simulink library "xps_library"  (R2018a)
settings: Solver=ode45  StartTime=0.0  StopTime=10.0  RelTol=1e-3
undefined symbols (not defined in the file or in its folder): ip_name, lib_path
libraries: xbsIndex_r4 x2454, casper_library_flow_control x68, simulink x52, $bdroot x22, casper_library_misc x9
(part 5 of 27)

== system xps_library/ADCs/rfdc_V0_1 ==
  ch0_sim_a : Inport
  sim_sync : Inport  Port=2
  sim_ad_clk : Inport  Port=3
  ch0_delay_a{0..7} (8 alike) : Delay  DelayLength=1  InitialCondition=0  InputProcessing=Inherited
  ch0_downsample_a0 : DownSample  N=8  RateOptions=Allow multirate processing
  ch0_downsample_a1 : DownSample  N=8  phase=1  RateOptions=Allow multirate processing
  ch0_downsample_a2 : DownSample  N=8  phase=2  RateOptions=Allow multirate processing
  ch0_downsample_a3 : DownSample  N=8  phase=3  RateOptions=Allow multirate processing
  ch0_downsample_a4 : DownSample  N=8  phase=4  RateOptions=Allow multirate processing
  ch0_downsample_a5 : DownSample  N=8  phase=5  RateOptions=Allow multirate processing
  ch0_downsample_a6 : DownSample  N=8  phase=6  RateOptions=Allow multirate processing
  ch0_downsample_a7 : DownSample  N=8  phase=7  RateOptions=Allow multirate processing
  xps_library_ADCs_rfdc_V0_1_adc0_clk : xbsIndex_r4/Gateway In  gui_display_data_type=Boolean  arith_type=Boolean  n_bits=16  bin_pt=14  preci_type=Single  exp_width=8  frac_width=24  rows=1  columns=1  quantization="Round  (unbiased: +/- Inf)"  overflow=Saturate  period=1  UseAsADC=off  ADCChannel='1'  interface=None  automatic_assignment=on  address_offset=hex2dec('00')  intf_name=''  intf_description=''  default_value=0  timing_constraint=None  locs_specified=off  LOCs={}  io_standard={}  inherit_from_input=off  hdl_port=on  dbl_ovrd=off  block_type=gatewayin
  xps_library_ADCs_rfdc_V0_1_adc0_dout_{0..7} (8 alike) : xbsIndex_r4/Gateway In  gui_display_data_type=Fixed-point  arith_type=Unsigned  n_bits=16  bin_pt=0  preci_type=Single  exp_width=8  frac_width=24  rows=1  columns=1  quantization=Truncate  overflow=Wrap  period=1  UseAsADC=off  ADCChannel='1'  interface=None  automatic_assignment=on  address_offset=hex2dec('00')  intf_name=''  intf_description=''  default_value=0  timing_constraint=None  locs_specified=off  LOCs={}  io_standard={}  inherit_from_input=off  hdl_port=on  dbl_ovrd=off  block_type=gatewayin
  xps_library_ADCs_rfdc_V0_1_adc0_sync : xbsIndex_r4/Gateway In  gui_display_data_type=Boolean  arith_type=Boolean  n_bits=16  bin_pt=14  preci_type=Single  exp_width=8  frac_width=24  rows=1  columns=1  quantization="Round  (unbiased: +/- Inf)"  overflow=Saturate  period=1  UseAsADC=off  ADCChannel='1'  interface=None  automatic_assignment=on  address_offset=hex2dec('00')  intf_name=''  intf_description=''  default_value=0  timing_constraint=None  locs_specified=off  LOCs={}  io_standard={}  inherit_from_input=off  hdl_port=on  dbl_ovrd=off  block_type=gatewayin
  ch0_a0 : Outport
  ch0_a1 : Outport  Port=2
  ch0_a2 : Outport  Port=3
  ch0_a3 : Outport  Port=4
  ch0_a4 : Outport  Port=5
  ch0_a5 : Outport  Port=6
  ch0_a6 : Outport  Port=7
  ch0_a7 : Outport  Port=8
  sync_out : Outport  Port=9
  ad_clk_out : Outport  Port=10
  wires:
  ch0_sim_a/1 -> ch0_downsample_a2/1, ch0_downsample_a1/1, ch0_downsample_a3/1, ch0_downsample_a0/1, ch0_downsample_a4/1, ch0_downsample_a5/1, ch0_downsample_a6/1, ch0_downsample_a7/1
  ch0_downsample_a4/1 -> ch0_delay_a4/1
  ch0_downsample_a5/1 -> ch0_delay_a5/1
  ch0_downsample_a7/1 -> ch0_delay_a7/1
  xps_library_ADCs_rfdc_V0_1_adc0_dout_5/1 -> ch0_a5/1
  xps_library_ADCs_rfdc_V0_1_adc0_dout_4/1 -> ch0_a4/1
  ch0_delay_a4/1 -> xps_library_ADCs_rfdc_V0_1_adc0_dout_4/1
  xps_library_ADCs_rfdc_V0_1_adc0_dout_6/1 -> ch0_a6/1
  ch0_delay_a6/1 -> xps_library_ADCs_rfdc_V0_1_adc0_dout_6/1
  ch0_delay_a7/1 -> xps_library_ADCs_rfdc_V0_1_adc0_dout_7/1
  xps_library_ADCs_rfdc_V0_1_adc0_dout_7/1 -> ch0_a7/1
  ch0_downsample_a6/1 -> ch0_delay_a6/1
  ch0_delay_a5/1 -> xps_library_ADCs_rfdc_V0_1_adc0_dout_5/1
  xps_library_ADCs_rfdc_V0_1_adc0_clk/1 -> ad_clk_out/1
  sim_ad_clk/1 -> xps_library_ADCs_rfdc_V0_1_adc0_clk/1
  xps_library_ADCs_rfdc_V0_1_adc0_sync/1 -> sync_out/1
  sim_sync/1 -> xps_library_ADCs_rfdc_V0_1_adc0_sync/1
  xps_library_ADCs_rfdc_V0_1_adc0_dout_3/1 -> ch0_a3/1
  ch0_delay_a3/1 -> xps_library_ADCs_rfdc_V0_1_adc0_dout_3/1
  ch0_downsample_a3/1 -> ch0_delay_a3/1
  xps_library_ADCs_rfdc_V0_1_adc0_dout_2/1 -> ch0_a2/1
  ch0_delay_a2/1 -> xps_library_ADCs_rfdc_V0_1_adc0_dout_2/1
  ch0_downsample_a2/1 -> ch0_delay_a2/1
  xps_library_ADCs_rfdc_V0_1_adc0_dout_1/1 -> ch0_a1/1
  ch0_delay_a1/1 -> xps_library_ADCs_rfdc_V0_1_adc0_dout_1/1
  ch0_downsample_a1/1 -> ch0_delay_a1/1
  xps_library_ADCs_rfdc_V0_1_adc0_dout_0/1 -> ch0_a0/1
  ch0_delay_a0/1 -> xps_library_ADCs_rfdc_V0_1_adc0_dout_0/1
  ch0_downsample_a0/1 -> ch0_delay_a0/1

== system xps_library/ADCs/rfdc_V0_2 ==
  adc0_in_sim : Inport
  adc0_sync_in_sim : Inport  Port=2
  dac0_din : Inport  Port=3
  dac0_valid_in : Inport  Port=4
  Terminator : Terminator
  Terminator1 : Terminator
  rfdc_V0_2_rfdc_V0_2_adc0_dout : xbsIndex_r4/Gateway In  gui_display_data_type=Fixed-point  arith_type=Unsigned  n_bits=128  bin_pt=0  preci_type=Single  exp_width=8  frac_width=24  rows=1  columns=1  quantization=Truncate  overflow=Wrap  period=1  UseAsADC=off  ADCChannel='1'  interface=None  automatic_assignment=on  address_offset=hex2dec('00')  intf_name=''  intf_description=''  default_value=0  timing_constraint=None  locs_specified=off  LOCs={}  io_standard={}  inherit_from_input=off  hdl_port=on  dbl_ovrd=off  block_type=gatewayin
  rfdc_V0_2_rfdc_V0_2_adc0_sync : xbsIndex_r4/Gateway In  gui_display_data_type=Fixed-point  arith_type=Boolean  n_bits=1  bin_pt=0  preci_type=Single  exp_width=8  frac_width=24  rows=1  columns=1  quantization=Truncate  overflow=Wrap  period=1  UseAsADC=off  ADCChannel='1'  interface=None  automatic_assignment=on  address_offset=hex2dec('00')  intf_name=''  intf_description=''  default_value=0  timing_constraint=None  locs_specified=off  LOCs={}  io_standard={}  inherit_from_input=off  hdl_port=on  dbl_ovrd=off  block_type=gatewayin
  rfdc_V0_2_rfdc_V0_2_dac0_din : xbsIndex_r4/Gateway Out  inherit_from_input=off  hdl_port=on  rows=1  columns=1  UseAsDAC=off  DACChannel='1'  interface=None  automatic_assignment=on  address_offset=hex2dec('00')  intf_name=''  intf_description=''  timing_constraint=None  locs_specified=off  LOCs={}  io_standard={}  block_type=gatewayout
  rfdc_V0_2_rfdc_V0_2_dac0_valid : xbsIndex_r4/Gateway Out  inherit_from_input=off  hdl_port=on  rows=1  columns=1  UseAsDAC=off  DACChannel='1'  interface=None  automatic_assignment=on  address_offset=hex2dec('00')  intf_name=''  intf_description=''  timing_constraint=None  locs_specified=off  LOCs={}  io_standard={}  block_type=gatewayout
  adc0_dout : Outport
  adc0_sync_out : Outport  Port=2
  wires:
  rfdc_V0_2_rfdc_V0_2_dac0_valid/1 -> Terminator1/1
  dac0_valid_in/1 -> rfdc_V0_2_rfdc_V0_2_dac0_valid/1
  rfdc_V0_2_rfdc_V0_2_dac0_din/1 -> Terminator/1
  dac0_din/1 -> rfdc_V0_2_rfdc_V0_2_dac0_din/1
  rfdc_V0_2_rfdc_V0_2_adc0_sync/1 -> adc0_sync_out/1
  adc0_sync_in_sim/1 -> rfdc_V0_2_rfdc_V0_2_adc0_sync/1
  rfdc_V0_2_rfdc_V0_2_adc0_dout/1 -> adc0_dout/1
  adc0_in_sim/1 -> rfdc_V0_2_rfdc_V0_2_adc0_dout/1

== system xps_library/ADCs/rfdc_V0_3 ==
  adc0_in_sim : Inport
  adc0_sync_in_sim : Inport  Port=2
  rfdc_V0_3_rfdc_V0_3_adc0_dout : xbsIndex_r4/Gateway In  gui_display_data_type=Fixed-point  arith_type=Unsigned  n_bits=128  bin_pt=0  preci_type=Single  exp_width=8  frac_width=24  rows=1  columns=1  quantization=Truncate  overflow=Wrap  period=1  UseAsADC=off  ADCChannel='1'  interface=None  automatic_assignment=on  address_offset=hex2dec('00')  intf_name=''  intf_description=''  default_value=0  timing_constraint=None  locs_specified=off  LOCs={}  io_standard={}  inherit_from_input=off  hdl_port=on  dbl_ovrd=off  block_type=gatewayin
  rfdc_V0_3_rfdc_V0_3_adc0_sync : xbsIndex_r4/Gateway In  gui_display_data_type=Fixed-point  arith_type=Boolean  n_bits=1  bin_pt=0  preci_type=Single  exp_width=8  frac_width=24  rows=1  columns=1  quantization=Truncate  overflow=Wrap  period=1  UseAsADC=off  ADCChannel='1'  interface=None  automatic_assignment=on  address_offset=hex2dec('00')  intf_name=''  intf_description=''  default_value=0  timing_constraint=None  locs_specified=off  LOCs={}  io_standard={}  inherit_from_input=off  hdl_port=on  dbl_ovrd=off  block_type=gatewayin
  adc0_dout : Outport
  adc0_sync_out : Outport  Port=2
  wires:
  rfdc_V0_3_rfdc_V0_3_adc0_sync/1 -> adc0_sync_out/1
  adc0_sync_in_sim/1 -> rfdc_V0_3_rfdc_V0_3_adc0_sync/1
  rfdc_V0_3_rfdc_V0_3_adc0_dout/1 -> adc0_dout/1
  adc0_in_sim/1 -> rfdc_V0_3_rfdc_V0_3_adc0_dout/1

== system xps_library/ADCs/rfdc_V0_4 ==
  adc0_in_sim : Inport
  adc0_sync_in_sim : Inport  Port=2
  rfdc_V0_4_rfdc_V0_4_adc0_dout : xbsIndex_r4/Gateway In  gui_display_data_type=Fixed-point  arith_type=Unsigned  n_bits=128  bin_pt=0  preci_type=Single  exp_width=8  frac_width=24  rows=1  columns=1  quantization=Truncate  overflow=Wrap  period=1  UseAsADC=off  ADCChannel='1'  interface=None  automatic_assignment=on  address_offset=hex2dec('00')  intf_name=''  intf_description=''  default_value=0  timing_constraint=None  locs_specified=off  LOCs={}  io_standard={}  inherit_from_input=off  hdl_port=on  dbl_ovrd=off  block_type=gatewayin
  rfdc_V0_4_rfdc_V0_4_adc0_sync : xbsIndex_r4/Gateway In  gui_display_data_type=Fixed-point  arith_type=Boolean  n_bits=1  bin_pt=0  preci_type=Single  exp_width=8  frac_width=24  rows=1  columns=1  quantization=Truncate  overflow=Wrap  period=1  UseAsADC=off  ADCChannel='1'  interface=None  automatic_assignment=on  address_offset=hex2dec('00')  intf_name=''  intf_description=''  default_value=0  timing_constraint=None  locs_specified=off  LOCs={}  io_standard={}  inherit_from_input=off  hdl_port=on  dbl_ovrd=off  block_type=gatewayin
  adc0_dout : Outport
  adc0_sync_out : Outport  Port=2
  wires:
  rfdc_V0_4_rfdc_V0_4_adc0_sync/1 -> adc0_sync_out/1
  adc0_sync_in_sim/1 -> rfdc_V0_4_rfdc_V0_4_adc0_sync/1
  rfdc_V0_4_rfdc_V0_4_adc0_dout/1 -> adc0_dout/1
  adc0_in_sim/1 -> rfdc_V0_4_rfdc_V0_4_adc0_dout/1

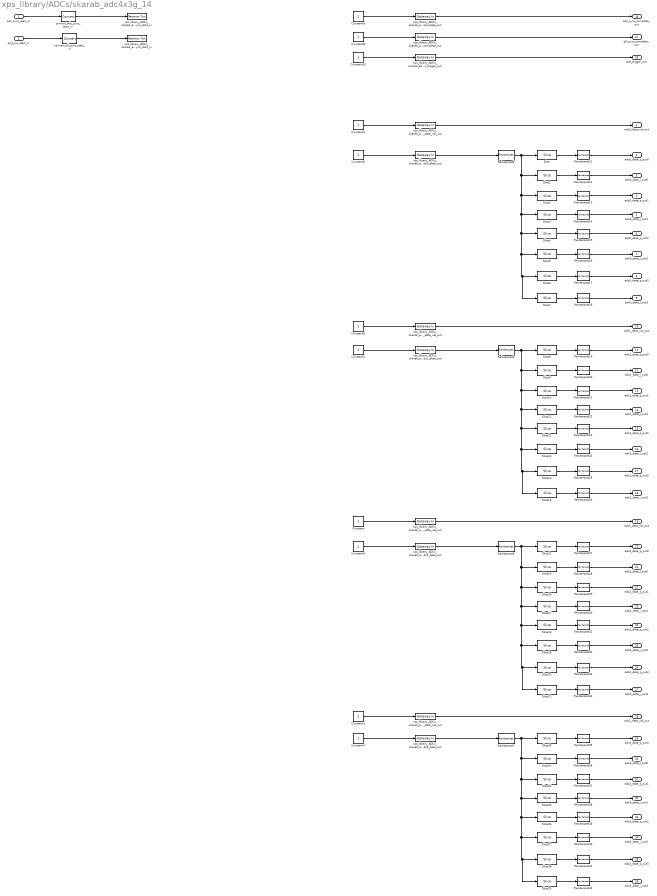
== system xps_library/ADCs/skarab_adc4x3g_14 ==
  adc_sync_start_in : Inport
  pll_sync_start_in : Inport  Port=2
  Constant{,1..10} (11 alike) : Constant
  Reinterpret{11..42} (32 alike) : xbsIndex_r4/Reinterpret  force_arith_type=on  arith_type="Signed  (2's comp)"  force_bin_pt=on  bin_pt=15  block_type=reinterpret
  Reinterpret{4..7} (4 alike) : xbsIndex_r4/Reinterpret  force_arith_type=on  arith_type=Unsigned  force_bin_pt=on  bin_pt=0  block_type=reinterpret
  Slice{,8,22,30} (4 alike) : xbsIndex_r4/Slice  nbits=16  boolean_output=off  mode=Lower Bit Location + Width  bit1=0  base1=MSB of Input  bit0=0  base0=LSB of Input  dbl_ovrd=off  block_type=slice
  Slice{1,9,23,31} (4 alike) : xbsIndex_r4/Slice  nbits=16  boolean_output=off  mode=Lower Bit Location + Width  bit1=0  base1=MSB of Input  bit0=16  base0=LSB of Input  dbl_ovrd=off  block_type=slice
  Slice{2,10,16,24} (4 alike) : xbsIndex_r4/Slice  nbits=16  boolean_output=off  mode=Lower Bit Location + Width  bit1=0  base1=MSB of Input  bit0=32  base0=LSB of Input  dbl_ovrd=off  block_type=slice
........
• **EXERCISE DIRECTIONS**
Would you please copy exactly the part of the entries above that begins at the line containing "xps_library_ADCs_rfdc_V0_1_adc0_dout_0/1 -> ch0_a0/1" and ends at the line containing "Terminator1 : Terminator", both lines included?

• **REPLY**
  xps_library_ADCs_rfdc_V0_1_adc0_dout_0/1 -> ch0_a0/1
  ch0_delay_a0/1 -> xps_library_ADCs_rfdc_V0_1_adc0_dout_0/1
  ch0_downsample_a0/1 -> ch0_delay_a0/1

== system xps_library/ADCs/rfdc_V0_2 ==
  adc0_in_sim : Inport
  adc0_sync_in_sim : Inport  Port=2
  dac0_din : Inport  Port=3
  dac0_valid_in : Inport  Port=4
  Terminator : Terminator
  Terminator1 : Terminator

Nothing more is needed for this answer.